Beneath the financial debate lies a bigger structural problem. MPs have flagged the fact that the Infrastructure Fund, which is supposed to receive and ring-fence the Sh204 billion in share sale proceeds, does not yet have a proper legal foundation. Without an Act of Parliament establishing the fund, the Constitution requires that the money flow into the Consolidated Fund, where it can be spent on anything from salaries to debt servicing.

Kitui South MP Rachael Nyamai put it bluntly: the country already has a mountain of debt and pending bills, and money deposited in the Consolidated Fund is vulnerable to being redirected to those pressing obligations before it ever reaches an infrastructure project.

Kuria Kimani, the Finance Committee chair, confirmed the concern was legitimate. Dr Kiptoo told MPs the Treasury had set up the Infrastructure Fund as a limited liability company under the Companies Act as a faster alternative to legislation, but acknowledged the arrangement needed further consultation.

Safaricom is not just Kenya’s largest listed company.

It is the backbone of the country’s mobile money system, a platform that processes over 100 million M-Pesa transactions every single day.

Selling majority control of that infrastructure to a foreign entity is, in the words of several of the bodies that have submitted views to Parliament, an irreversible decision.

Once the shares change hands, the government’s ability to influence the strategic direction of a company that touches virtually every corner of the Kenyan economy will diminish considerably.

The Executive has framed the sale as a bold, fiscally necessary move in an environment where borrowing is no longer politically or economically viable. Parliament has until the end of March to decide whether the nation agrees.

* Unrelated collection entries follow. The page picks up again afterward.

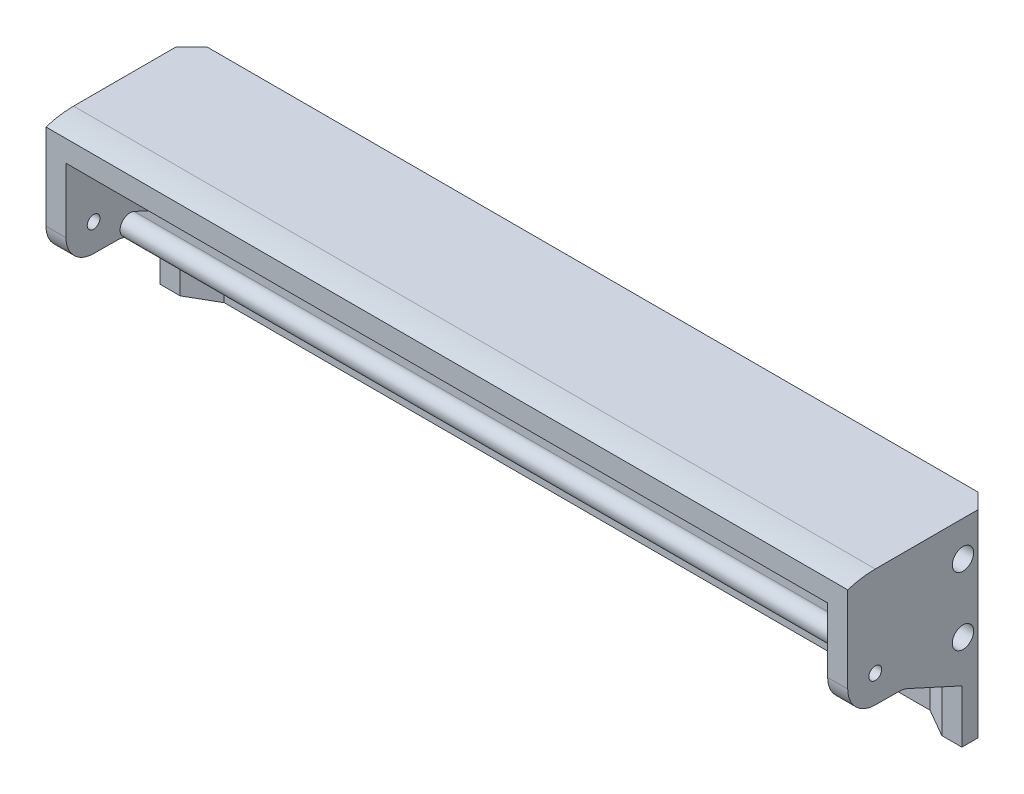
SolidWorks part; units mm, degrees
material "PET"
ref_plane "Front Plane" through (0, 0, 0) normal (0, 0, 1) x (1, 0, 0)
ref_plane "Top Plane" through (0, 0, 0) normal (0, 1, 0) x (1, 0, 0)
ref_plane "Right Plane" through (0, 0, 0) normal (1, 0, 0) x (0, 0, -1)
sketch "Sketch1" plane through (0, 0, 0) normal (1, 0, 0) x (0, 0, -1)
  line L3 (-34.036, 0) -> (42.164, 0) construction
  line L4 (-34.036, 0) -> (-34.036, 28.956) construction
  line L5 (-34.036, 28.956) -> (42.164, 28.956) construction
  line L11 (19.8576, 39.1492) -> (42.164, 28.956)
  line L12 (42.164, 28.956) -> (42.164, 0) construction
  line L13 (42.164, 28.956) -> (42.164, 14.4653)
  line L14 (46.99, 14.4653) -> (46.99, 77.089)
  line L15 (42.164, 14.4653) -> (46.99, 14.4653)
  line L16 (0.889, 48.514) -> (0.889, 75.7224)
  line L17 (9.5529, 39.783) -> (17.2674, 39.7235)
  line L18 (9.6202, 77.089) -> (46.99, 77.089)
  line L20 (37.4015, 44.4881) -> (69.4015, 44.4881) construction
  line L21 (22.4969, 44.9248) -> (42.164, 35.9376) construction
  circle A0 centre (9.6202, 48.514) radius 2.0193
  arc A2 (0.889, 48.514) -> (9.5529, 39.783) centre (9.6202, 48.514) ccw
  circle A7 centre (21.1772, 42.037) radius 3.175 construction
  arc A8 (19.8576, 39.1492) -> (17.2674, 39.7235) centre (17.2184, 33.3737) ccw
  arc A9 (9.6202, 77.089) -> (0.889, 75.7224) centre (9.6202, 48.514) ccw
  circle A12 centre (37.4015, 65.9765) radius 3.3782
  circle A14 centre (37.4015, 44.4881) radius 3.3782
  point P9 (0.889, 48.514)
  point P25 (0, 0)
  dimension "D2" = 4.0386
  dimension "D5" = 0.889
  dimension "D6" = 17.4625
  dimension "D8" = 6.35
  dimension "D13" = 6.35
  dimension "D14" = 28.575
  dimension "D15" = 9.5885
  dimension "D20" = 6.7564
  dimension "D19" = 11.1125
  dimension "D3" = 42.037
  dimension "D4" = 48.514
  dimension "D7" = 11.557
  dimension "D9" = 28.956
  dimension "D10" = 76.2
  dimension "D11" = 41.275
  dimension "D12" = 14.4653
  dimension "D16" = 4.826
  dimension "D17" = 5.7976
  dimension "D18" = 44.4881
  dimension "D21" = 32
  dimension "D22" = 36.5125
  dimension "D23" = 21.4884
extrude "Boss-Extrude1" add sketch "Sketch1" against normal blind 6.35 contours A2 A0 A7 | L13 L15 L14 A2 region at (0, 55.1501, -25.809)
sketch "Sketch2" plane through (0, 0, 0) normal (1, 0, 0) x (0, 0, -1)
  line L0 (22.4969, 44.9248) -> (42.164, 35.9376)
  line L1 (42.164, 35.9376) -> (42.164, 70.739)
  line L2 (42.164, 70.739) -> (40.64, 70.739)
  line L3 (40.64, 70.739) -> (9.6202, 70.739)
  line L4 (46.99, 14.4653) -> (46.99, 77.089)
  line L5 (46.99, 77.089) -> (9.6202, 77.089)
  line L6 (46.99, 14.4653) -> (46.99, 77.089)
  line L7 (46.99, 77.089) -> (9.6202, 77.089)
  line L8 (0.889, 48.514) -> (0.889, 75.7224) construction
  line L9 (0.889, 68.9521) -> (0.889, 75.7224)
  line L10 (46.99, 14.4653) -> (42.164, 14.4653)
  line L11 (42.164, 14.4653) -> (42.164, 28.956)
  line L12 (19.8576, 39.1492) -> (42.164, 28.956)
  line L13 (40.64, 14.4653) -> (40.64, 70.739) construction
  circle A0 centre (21.1772, 42.037) radius 3.175
  arc A1 (9.6202, 70.739) -> (2.8293, 69.6761) centre (9.6202, 48.514) ccw
  arc A2 (9.6202, 77.089) -> (0.889, 75.7224) centre (9.6202, 48.514) ccw
  arc A3 (9.6202, 77.089) -> (0.889, 75.7224) centre (9.6202, 48.514) ccw
  arc A4 (2.8293, 69.6761) -> (0.889, 68.9521) centre (9.6202, 48.514) ccw
  circle A5 centre (21.1772, 42.037) radius 3.175 construction
  line M17 (46.99, 77.089) -> (9.6202, 77.089)
  arc M18 (9.6202, 77.089) -> (0.889, 75.7224) centre (9.6202, 48.514) ccw
  line M19 (0.889, 75.7224) -> (0.889, 48.514)
  line M23 (19.8576, 39.1492) -> (42.164, 28.956)
  line M24 (42.164, 28.956) -> (42.164, 14.4653)
  line M25 (42.164, 14.4653) -> (46.99, 14.4653)
  line M26 (46.99, 14.4653) -> (46.99, 77.089)
  dimension "D1" = 0
  dimension "D2" = 6.35
extrude "Boss-Extrude2" add sketch "Sketch2" along normal blind 120.65 contours A4 A1 L3 M24 M25 M26 M17 M18 M19 | A0 L0 M23 | A0 region at (0, 39.7239, -32.0072) region at (0, 42.037, -21.1772)
sketch "Sketch5" plane through (0, 14.4653, 0) normal (0, -1, 0) x (1, 0, 0)
  line L0 (17.2, -46.99) -> (0, -37.0596)
  line L1 (-6.35, -46.99) -> (120.65, -46.99) construction
  line L2 (-6.35, -37.0596) -> (-6.35, -46.99)
  line L3 (-6.35, -46.99) -> (17.2, -46.99)
  line L4 (4.5, -46.99) -> (-6.35, -40.7257)
  line L5 (-6.35, -37.0596) -> (0, -37.0596)
  line M6 (120.65, -42.164) -> (-6.35, -42.164)
  dimension "D1" = 30
  dimension "D2" = 23.55
  dimension "D3" = 6.35
  dimension "D4" = 9.9304
extrude "Boss-Extrude3" add sketch "Sketch5" against normal up to surface (14.4907 mm away) contours L5 L2 L4 L0 M6 | L4 L2 M6 region at (-0.4987, 14.4653, -39.9029) region at (-5.5196, 14.4653, -41.6846) up to face at (45.72, 35.0719, -28.7802)
sketch "Sketch6" plane through (-6.35, 0, 0) normal (-1, 0, 0) x (0, 0, 1)
  line L0 (-26.9183, 86.3416) -> (-36.171, 77.089)
  line L1 (-9.6202, 77.089) -> (-46.99, 77.089) construction
  line L2 (-16.0782, 81.8515) -> (-16.0782, 77.089)
  line L3 (-36.171, 77.089) -> (-16.0782, 77.089)
  circle A0 centre (-22.4282, 81.8515) radius 3.3782
  circle A1 centre (-37.4015, 44.4881) radius 3.3782 construction
  arc A2 (-16.0782, 81.8515) -> (-26.9183, 86.3416) centre (-22.4282, 81.8515) ccw
  point P3 (-37.4015, 44.4881)
  dimension "D1" = 14.9733
  dimension "D3" = 37.3634
  dimension "D4" = 6.35
  dimension "D2" = 4.7625
  dimension "D5" = 45
extrude "Boss-Extrude4" [suppressed] add sketch "Sketch6" against normal up to surface (6.35 mm away) up to face at (0, 44.4881, -40.7797)
fillet "Fillet2" [suppressed] radius 3.175
mirror "Mirror1" about plane through (120.65, 0, 0) normal (1, 0, 0) of bodies 106 103
sketch "Sketch4" plane through (0, 0, -46.99) normal (0, 0, -1) x (-1, 0, 0)
  line L0 (-120.65, -112.5347) -> (-278.9619, 45.7771) construction
  line L1 (-120.65, -112.5347) -> (37.6619, 45.7772) construction
  line L2 (-278.9619, 45.7771) -> (-120.65, 204.089) construction
  line L3 (37.6619, 45.7772) -> (-120.65, 204.089) construction
  line L4 (-120.65, -112.5347) -> (-120.65, 204.089) construction
  line L5 (-278.9619, 45.7771) -> (37.6619, 45.7772) construction
  point P1 (-120.65, 45.7771)
  dimension "D1" = 223.8868
chamfer "Chamfer1" distance 4.826 angle 45 2 edges at (247.65, 45.7771, -46.99) (-6.35, 45.7771, -46.99)

What is becoming increasingly clear is that the deal, as currently structured, carries risks that have not been adequately disclosed, a valuation that has not been independently verified and a timeline that appears designed to close before all the questions have been properly answered.

Whether Kenya can afford to accept those terms is, ultimately, the question Parliament must answer before the clock runs out.